AVC em crianças: embora raro, pode acontecer


Quando se fala em Acidente Vascular Cerebral (AVC), a maioria das pessoas pensa imediatamente em idosos. No entanto, apesar de raro, o AVC também pode ocorrer em crianças e até mesmo em recém-nascidos. Por isso, conhecer os sinais e buscar atendimento imediato é fundamental para reduzir os riscos de sequelas.


O que pode causar um AVC infantil?


Diferentemente dos adultos, em que fatores como hipertensão e aterosclerose estão frequentemente envolvidos, nas crianças o AVC pode estar relacionado a doenças cardíacas congênitas, alterações na coagulação do sangue, infecções, traumas, doenças genéticas ou problemas nos vasos sanguíneos do cérebro.

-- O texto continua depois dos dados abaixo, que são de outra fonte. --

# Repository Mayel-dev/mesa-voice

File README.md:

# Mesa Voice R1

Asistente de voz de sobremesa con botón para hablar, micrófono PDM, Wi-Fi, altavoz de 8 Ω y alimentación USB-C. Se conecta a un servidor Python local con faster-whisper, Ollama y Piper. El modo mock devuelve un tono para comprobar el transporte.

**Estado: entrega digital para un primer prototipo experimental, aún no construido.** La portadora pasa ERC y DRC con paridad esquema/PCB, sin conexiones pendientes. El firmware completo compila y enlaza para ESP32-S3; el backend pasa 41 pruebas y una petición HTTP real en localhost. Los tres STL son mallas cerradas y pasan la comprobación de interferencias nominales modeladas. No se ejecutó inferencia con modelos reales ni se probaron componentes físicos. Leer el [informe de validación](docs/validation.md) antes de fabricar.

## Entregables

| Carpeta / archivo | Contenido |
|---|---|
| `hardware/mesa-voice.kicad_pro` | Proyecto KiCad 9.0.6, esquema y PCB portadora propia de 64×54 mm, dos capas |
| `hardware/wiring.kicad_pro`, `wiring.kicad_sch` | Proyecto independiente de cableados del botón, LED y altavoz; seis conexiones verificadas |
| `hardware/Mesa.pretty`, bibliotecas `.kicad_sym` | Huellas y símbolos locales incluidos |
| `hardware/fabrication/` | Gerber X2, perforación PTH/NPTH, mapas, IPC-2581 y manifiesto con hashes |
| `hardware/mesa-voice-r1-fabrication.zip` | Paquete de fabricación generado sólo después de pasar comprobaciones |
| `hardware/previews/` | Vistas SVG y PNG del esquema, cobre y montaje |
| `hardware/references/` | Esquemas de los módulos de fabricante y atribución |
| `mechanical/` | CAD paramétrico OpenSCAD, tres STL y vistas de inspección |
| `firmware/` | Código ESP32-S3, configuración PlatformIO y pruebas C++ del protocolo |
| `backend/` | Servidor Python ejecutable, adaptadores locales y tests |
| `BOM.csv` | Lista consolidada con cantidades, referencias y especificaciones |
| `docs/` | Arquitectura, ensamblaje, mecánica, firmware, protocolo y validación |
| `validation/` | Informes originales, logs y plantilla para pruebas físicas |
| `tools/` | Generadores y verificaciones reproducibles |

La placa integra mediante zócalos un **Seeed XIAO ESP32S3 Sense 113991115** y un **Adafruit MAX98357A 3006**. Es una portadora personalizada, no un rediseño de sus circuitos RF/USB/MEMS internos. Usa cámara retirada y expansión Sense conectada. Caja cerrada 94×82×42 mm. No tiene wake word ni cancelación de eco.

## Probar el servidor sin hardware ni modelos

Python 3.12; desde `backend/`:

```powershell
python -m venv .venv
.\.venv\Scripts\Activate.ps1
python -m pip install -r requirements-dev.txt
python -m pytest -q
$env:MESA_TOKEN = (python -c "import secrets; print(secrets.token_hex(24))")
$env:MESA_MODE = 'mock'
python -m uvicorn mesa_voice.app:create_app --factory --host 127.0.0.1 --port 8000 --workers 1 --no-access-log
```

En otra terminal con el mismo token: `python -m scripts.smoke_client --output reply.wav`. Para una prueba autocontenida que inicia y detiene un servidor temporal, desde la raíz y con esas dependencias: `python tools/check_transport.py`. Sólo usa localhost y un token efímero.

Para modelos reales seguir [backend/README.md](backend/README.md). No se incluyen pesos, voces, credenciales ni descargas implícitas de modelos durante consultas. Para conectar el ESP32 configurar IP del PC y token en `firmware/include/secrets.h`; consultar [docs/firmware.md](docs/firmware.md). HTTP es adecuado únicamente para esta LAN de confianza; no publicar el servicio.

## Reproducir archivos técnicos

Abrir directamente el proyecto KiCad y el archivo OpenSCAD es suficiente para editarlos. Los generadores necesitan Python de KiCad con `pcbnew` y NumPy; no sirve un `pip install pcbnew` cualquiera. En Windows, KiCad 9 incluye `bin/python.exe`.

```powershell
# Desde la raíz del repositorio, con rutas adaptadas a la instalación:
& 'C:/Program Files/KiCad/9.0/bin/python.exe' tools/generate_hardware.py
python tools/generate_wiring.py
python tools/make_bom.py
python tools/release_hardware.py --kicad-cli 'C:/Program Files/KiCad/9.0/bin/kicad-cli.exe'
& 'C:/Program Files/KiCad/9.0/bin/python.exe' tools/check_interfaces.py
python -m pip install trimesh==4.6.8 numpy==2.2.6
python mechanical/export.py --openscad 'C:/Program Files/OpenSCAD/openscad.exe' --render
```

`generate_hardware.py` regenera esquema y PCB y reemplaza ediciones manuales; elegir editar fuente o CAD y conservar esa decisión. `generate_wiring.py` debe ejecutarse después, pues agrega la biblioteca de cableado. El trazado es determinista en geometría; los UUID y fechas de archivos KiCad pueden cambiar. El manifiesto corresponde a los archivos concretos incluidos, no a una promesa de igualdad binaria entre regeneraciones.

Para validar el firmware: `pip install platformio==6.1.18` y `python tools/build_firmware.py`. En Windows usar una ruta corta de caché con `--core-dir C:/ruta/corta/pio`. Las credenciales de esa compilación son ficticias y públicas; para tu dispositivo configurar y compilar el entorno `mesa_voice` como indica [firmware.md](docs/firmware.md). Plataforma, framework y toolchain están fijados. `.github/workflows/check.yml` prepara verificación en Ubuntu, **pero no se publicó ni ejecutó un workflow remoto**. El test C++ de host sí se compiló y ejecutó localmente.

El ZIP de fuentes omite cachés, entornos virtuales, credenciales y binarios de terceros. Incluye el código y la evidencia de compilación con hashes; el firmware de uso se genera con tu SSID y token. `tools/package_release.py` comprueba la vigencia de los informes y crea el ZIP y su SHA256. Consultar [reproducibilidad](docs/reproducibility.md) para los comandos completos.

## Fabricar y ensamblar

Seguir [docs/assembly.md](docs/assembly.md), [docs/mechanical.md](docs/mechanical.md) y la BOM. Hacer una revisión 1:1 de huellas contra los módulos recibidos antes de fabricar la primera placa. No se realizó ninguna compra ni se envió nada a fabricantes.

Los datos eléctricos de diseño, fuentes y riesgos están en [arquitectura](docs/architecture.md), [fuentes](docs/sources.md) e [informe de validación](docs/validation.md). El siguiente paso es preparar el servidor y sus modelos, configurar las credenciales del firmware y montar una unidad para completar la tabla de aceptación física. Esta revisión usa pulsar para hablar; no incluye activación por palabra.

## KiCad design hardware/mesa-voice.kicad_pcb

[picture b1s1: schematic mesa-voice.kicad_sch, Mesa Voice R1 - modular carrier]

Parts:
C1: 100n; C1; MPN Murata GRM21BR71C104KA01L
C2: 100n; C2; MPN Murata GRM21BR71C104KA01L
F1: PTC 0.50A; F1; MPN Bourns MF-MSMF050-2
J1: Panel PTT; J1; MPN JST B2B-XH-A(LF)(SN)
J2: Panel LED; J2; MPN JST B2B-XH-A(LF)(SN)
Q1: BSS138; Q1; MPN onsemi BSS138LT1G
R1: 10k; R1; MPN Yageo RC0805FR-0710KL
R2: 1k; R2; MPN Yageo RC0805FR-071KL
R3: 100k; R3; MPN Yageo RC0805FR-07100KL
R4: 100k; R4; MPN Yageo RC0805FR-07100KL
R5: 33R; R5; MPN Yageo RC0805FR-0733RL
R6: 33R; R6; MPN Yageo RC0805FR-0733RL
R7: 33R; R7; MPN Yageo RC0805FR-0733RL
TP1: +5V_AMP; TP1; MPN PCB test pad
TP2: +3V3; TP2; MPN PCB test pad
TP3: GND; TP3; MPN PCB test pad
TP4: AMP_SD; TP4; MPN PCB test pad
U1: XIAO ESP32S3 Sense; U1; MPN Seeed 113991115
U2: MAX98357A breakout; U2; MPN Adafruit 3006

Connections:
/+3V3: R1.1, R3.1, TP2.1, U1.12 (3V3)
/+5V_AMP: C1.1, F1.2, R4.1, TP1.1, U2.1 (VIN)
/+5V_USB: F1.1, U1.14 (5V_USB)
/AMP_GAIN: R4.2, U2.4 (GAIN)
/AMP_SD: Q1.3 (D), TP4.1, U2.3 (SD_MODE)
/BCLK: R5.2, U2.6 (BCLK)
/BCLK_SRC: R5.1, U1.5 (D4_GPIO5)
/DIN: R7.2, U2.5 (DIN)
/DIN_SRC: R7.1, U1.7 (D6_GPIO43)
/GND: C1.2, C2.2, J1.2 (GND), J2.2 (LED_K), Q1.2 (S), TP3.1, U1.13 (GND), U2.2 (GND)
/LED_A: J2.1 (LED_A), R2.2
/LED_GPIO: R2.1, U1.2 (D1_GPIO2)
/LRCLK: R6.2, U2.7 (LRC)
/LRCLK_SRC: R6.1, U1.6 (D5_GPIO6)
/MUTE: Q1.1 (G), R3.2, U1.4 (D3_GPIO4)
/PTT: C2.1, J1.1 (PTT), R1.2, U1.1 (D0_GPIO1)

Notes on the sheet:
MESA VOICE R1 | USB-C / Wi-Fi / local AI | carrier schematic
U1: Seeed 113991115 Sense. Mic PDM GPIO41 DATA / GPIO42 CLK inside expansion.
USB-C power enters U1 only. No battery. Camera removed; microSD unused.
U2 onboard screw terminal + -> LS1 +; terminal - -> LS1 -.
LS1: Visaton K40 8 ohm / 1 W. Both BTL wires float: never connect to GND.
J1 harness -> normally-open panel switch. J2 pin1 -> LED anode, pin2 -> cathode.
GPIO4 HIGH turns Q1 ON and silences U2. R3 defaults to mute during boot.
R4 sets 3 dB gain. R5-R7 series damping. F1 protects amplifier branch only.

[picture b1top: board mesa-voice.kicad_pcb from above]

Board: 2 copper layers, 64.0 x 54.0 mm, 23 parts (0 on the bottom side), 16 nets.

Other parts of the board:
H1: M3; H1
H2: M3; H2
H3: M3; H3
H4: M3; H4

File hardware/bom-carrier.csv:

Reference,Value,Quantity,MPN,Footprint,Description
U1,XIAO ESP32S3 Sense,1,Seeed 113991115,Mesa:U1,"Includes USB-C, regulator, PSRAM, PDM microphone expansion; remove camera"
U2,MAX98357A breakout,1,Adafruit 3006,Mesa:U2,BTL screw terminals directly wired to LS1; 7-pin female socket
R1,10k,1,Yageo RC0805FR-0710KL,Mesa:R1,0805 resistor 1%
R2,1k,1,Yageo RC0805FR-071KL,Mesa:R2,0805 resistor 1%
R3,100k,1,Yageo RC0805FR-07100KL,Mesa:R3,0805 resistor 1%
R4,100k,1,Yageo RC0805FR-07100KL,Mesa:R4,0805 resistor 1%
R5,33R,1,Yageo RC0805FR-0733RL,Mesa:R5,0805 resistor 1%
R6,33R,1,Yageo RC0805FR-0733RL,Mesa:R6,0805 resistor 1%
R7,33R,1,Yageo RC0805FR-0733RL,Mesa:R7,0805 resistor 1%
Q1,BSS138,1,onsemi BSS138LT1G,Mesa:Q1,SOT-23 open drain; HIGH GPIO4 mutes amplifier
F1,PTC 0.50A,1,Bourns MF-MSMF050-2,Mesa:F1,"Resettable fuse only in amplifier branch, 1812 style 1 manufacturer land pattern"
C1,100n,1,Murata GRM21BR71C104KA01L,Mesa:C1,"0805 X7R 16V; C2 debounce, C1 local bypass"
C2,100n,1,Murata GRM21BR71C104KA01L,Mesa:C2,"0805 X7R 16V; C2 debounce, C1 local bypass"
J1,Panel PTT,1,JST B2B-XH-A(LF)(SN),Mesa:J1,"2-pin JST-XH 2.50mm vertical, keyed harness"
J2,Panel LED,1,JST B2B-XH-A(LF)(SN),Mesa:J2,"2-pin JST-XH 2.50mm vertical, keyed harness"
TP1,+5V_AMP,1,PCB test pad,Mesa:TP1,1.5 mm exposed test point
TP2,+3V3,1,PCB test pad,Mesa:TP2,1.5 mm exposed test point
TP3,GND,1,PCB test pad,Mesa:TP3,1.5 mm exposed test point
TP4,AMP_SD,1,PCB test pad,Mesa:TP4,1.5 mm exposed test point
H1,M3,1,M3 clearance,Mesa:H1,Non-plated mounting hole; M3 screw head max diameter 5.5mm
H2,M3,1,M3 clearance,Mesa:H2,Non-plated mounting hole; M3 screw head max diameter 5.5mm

Em muitos casos, o diagnóstico pode ser um desafio, justamente porque o AVC não costuma ser associado à infância.


Quais são os sinais de alerta?


Os sintomas podem variar conforme a idade da criança, mas alguns sinais merecem atenção imediata:


  • Fraqueza ou paralisia em um lado do corpo;

  • Dificuldade para falar ou compreender palavras;

  • Alterações repentinas na visão;

  • Perda de equilíbrio ou coordenação;

  • Convulsões sem causa aparente;

  • Dor de cabeça intensa e súbita;

  • Sonolência excessiva ou mudança no comportamento.


Ao perceber qualquer um desses sintomas, a procura por atendimento médico deve ser imediata.


As sequelas podem ser permanentes


Dependendo da região do cérebro afetada e da rapidez no atendimento, o AVC pode deixar sequelas motoras, cognitivas, visuais, comportamentais ou relacionadas à fala. Algumas crianças podem apresentar dificuldades de aprendizagem, alterações de memória e limitações físicas que exigem acompanhamento especializado.


Diagnóstico precoce faz diferença


Assim como acontece nos adultos, o tempo é um fator decisivo. Quanto mais rápido o diagnóstico e o início do tratamento, maiores são as chances de recuperação e menores os riscos de danos permanentes. Além disso, a reabilitação com fisioterapia, fonoaudiologia, terapia ocupacional e acompanhamento neurológico pode contribuir significativamente para a qualidade de vida da criança.


Informação também é prevenção


Embora seja uma condição incomum, o AVC infantil existe e merece atenção. Conhecer os sinais, valorizar os sintomas e buscar ajuda médica rapidamente pode fazer toda a diferença no prognóstico e no futuro da criança. A informação é uma importante aliada para garantir um diagnóstico precoce e um tratamento adequado.